It has now become clear that in order to keep the European economy going and ensure energy security, gas will be around for much longer than it was thought two years ago.
It is difficult to progress energy transition unless it can demonstrate a clear benefit to end users and gas is an indispensable part of this process.
These were the conclusions of FLAME, Europe’s foremost gas and LNG conference, that took place in Amsterdam on May 13-15, in which I participated and made a presentation on the East Med.
If the EU is to reduce greenhouse gas emissions by 90% by 2040 gas consumption in Europe will decline to 117bcm/yr. Not many FLAME delegates believe this is achievable, especially given recent developments and new emphasis on affordability and competitiveness.
The EU’s 2040 targets requiring gas demand to go down to 117 bcm/yr are unrealistic. Equinor expects this to be around 250 bcm/yr. In effect, delivering the Draghi report recommendations confirm that.
The vast majority of FLAME delegates also think that gas demand will be substantially higher, but still lower than at present. Nevertheless, gas use in Europe is in permanent decline.
Given the expected continuous decline in gas demand, Europe pretty much has all the gas infrastructure to support its future gas needs.
The global energy system will move strongly towards electricity as key sectors – not just data centres and Evs – embrace electrification, but gas will be part of it.
In Europe gas complements wind – there is a strong correlation between when wind is up, gas use goes down and vice-versa.
If new LNG supplies lead to halving the price of gas in Europe, the decline in demand could be arrested or even reversed.
There are also mixed signals from the European Commission on gas and LNG, where ideology appears to be trumping economics.
Not many believe that Russian gas will not return to Europe following the recent policy announcement by the European Commission.
Until recently the emphasis in Europe was on a fast transition to green energy. Now, there is an increasing shift in emphasis to affordability-reliability-flexibility and energy security.
Hydrogen in Europe still requires infrastructure – pipelines and storage. The economic incentives are not yet there and neither is demand. Regulation may drive this, but the issue is competitiveness.
US tariffs are putting pressure on European industry, putting into question its competitiveness, leading to further decline and further reductions is gas demand.
Demand has declined
EU gas demand has declined by 25% since 2020. Recovering this will be difficult. The EU’s 2030 and 2050 decarbonisation targets are expected to lead to further reductions.
The US gas market is very buoyant.

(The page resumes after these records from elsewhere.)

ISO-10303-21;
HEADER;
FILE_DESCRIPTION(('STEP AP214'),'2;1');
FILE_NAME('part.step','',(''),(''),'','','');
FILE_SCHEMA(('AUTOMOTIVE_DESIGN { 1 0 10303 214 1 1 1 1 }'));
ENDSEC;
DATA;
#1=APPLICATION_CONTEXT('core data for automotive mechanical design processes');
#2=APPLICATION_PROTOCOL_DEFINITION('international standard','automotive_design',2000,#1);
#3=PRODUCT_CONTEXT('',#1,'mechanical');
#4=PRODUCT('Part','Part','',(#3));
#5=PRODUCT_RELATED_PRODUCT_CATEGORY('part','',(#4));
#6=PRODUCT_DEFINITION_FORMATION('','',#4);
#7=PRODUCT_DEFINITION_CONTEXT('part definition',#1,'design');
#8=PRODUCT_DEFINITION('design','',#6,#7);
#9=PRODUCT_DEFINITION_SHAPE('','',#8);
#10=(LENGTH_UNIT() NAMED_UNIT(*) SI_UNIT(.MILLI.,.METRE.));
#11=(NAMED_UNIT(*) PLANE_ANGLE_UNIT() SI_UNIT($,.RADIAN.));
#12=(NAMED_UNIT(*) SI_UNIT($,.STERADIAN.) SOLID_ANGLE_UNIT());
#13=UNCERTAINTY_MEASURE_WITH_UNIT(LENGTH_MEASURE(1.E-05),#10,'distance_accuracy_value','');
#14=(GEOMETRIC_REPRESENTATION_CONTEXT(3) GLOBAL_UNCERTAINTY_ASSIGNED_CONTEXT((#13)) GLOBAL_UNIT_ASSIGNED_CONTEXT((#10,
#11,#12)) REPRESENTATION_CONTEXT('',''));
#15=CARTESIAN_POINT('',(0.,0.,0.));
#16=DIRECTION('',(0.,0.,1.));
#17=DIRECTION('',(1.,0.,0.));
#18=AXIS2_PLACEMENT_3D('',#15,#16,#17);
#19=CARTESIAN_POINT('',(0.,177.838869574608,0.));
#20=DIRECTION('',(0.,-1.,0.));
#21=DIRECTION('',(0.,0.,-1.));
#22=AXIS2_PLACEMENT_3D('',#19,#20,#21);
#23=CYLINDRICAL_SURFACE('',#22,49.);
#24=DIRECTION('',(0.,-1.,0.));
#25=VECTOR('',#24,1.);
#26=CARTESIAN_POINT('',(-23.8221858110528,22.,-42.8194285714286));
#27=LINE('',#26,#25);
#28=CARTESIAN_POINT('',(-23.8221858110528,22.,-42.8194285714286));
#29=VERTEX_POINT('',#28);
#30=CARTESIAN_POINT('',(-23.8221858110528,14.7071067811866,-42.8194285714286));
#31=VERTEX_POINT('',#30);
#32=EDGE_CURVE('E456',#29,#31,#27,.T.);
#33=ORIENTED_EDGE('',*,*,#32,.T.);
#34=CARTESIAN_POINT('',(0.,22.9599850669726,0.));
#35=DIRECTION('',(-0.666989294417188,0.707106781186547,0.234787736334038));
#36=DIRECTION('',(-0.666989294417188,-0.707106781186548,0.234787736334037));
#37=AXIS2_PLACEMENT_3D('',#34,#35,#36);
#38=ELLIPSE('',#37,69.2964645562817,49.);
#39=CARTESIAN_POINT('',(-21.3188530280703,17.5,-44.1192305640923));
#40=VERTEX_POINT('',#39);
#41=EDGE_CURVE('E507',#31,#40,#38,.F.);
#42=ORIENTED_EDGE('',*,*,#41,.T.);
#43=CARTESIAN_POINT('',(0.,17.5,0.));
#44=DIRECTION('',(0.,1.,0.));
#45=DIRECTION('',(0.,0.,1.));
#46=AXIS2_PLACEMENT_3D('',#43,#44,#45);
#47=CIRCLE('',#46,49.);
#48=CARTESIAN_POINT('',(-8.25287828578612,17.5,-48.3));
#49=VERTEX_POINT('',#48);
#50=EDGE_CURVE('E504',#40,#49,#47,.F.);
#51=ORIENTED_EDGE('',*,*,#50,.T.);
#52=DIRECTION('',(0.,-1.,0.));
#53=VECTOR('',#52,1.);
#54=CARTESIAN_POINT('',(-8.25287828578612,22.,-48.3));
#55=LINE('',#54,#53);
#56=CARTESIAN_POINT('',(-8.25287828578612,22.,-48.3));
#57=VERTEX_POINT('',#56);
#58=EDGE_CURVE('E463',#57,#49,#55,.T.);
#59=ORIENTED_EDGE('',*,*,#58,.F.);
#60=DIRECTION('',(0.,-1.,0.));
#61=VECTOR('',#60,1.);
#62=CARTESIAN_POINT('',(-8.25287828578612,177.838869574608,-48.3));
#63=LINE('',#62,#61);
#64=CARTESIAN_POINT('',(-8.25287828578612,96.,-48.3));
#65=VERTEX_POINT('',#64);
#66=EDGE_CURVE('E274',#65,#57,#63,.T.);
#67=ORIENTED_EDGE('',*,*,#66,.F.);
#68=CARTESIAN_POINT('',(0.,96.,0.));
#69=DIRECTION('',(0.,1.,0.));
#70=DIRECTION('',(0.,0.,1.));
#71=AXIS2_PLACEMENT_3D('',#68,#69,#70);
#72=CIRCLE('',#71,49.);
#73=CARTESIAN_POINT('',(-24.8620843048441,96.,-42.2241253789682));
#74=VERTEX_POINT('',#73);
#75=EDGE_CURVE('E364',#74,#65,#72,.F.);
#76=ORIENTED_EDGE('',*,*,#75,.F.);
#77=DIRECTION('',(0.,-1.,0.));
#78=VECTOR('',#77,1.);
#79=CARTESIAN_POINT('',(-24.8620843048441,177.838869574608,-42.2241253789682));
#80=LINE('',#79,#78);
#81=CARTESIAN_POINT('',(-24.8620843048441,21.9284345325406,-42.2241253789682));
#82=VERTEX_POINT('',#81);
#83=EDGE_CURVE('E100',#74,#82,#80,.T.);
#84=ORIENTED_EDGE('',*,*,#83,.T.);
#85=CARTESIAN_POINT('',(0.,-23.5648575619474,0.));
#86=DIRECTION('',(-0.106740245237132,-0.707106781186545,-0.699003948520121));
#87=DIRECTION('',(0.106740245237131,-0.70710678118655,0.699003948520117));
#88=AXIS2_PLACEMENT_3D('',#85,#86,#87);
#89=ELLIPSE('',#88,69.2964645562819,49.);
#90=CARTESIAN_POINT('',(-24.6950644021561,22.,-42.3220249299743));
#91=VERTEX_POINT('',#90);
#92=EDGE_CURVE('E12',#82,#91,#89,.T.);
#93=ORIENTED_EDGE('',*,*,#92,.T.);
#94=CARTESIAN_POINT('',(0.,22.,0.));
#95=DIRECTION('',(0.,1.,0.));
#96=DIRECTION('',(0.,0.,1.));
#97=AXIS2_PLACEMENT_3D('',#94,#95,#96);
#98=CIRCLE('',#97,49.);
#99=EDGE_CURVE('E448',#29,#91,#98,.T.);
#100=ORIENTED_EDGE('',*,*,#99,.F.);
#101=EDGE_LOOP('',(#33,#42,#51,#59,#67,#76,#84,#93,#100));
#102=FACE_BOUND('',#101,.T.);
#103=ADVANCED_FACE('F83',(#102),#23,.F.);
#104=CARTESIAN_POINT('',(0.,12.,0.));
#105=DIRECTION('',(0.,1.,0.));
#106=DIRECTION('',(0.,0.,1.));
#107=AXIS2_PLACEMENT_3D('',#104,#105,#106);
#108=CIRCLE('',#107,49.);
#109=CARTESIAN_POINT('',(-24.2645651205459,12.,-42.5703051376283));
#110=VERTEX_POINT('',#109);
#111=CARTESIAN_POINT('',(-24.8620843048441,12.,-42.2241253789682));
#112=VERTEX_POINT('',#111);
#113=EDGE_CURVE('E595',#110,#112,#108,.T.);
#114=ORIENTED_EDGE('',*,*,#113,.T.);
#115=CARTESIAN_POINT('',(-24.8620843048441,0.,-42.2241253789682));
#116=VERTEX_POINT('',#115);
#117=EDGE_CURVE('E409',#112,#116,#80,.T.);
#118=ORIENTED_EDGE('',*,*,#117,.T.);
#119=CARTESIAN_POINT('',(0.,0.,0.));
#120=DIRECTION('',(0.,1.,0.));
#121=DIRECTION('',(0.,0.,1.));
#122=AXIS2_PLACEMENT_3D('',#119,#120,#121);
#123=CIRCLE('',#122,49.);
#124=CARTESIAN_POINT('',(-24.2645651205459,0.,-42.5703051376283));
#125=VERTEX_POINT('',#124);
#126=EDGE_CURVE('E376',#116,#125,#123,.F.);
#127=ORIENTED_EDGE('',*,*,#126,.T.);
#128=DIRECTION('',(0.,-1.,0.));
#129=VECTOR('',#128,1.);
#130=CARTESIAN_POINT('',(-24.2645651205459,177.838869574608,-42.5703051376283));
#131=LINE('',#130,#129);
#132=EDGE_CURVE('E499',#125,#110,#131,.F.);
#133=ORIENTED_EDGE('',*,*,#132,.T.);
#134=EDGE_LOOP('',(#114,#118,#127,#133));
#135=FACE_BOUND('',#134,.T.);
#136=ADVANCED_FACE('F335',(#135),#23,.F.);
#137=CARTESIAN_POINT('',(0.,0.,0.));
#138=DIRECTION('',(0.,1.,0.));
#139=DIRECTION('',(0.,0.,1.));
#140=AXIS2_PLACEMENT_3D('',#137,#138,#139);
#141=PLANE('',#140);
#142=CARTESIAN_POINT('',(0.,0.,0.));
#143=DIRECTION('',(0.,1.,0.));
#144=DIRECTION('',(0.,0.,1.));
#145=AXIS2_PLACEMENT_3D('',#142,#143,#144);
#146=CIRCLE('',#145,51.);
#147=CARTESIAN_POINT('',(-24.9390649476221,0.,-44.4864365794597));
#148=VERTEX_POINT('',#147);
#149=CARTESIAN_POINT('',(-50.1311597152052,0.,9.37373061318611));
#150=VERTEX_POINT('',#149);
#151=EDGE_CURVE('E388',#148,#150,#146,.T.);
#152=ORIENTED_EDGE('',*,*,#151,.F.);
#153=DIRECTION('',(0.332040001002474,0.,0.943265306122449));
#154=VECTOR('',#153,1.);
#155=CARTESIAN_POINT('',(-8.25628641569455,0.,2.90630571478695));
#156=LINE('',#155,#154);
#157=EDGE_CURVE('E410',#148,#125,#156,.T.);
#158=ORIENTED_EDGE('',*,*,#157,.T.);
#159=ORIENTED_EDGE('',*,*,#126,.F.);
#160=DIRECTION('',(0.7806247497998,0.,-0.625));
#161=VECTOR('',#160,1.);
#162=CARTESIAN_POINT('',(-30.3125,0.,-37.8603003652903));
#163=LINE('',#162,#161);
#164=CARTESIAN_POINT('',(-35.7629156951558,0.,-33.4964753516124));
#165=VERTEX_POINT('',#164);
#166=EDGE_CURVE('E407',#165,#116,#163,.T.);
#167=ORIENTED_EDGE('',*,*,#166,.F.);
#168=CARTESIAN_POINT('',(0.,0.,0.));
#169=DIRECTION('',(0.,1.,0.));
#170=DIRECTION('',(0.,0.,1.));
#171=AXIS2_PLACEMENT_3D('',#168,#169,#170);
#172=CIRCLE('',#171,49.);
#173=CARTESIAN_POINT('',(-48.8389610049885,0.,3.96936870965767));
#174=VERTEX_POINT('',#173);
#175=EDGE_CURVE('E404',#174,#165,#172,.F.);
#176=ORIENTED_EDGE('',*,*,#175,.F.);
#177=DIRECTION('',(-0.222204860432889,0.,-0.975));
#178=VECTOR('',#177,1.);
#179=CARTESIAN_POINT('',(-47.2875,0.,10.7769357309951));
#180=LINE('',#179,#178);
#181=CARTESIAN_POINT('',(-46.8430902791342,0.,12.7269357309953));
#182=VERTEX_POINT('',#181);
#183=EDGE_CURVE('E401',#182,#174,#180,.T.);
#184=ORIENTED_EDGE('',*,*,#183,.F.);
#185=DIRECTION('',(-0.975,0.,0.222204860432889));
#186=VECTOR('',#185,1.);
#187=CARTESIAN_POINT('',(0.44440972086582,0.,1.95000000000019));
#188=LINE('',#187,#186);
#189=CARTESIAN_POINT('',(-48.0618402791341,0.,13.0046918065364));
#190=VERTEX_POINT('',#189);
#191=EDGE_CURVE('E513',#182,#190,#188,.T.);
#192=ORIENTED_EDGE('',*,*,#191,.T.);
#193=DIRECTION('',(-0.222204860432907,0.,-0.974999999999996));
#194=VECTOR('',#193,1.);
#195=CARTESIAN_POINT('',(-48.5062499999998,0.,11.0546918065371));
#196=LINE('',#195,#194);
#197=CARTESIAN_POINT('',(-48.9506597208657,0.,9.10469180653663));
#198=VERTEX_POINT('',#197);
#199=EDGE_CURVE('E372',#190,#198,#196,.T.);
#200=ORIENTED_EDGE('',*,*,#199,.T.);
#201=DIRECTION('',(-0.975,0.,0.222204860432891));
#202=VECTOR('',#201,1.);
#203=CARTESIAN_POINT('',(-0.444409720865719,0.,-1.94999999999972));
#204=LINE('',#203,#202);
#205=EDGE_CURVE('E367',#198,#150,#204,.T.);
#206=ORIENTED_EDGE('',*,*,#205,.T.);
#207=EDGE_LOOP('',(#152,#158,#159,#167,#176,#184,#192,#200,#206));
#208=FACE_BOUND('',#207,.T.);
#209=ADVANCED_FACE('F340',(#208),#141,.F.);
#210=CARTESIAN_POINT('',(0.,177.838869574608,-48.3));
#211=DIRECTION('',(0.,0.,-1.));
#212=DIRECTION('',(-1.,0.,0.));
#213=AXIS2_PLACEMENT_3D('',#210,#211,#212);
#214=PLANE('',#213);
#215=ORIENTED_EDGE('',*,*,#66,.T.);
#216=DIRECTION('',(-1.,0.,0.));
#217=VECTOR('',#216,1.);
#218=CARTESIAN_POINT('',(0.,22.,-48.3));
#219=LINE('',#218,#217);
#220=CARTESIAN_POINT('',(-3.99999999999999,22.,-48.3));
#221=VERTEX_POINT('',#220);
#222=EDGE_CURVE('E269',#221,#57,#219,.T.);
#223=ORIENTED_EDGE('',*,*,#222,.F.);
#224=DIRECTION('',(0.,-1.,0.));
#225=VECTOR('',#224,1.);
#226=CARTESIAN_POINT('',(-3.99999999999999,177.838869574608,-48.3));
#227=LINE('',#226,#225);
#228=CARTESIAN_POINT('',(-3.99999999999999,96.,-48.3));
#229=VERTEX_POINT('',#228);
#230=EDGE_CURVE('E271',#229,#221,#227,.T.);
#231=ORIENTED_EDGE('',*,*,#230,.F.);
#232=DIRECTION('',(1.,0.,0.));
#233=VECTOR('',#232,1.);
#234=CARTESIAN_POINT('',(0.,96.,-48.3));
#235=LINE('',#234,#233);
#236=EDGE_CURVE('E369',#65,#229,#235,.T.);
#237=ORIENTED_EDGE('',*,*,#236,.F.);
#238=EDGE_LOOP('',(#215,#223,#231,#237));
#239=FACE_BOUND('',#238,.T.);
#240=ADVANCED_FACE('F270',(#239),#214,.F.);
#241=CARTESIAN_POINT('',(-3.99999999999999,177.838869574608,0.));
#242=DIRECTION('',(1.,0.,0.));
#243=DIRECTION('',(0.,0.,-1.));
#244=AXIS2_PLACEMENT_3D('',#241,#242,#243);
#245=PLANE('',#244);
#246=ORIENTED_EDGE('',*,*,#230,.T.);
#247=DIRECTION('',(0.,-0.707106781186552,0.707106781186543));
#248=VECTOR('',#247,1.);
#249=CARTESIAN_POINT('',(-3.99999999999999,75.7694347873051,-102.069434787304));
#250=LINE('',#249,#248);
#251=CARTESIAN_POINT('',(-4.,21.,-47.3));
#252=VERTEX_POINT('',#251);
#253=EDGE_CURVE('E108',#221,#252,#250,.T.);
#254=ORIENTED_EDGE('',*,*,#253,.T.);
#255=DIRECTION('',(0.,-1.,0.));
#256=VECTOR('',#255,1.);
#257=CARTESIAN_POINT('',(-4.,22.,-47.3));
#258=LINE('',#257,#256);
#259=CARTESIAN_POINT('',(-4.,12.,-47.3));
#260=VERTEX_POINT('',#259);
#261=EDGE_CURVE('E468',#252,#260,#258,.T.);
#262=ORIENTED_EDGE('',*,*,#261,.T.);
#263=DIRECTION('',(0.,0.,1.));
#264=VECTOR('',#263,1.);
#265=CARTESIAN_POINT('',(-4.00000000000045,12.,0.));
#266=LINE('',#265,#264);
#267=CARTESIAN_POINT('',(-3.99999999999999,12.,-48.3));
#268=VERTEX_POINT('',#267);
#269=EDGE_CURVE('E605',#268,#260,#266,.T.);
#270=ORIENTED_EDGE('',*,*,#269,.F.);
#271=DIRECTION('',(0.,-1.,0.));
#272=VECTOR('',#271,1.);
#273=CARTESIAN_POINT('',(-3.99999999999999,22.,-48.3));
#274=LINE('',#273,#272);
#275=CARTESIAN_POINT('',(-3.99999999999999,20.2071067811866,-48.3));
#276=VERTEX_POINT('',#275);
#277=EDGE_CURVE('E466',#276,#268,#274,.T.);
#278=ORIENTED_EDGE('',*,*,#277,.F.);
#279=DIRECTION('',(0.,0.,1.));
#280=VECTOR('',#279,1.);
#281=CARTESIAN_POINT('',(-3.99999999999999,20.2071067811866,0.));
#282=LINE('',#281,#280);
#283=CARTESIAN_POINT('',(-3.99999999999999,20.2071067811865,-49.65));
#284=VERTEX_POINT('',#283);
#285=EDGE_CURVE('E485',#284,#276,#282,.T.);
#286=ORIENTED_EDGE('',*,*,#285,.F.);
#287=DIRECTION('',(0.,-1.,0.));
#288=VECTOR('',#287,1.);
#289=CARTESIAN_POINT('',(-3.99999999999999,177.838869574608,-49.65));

Lots of new LNG projects and exports and industrial demand are up due to growing AI and data centres.
The intervention at the FLAME conference by Dieter Helm, professor of Economic Policy at the University of Oxford, was particularly important. His main points were:
- CO2 concentration in the atmosphere, that matters most in terms of climate change, carries on increasing at a rate of 2 ppm. Instead of going down, it actually increased to 3 ppm last year. 29 COPs have not achieved much because carbon sequestration is not being properly addressed.
- Fossil fuel demand looks robust going forward, still providing 80% of world energy despite the growth in renewables. World energy demand is growing even faster.
- New industries, including defense, are energy-intensive and they mostly need uninterruptible energy, not intermittent. Gas will continue to have a major role to play.
- In terms of energy the US is a superpower and is the natural partner to Europe. Russian gas will play a role, but to a lesser extent.
- Throughout history Russia has been a commodity provider to Europe, irrespective of wars, regimes, etc. This will continue. Nord Stream and Ukraine may still be routes for Russian gas to Europe in the longer term.
- The swing to the right is increasing and so will European energy politics. The right will drive abandonment of net-zero policies. Despite peoples’ support for greener energy, nobody wants to pay the cost. Affordability is key. Right wing parties continues to exploit this.
- Europe’s gas policies will change once gas prices come down, driven by the need to improve competitiveness and reverse de-industrialisation.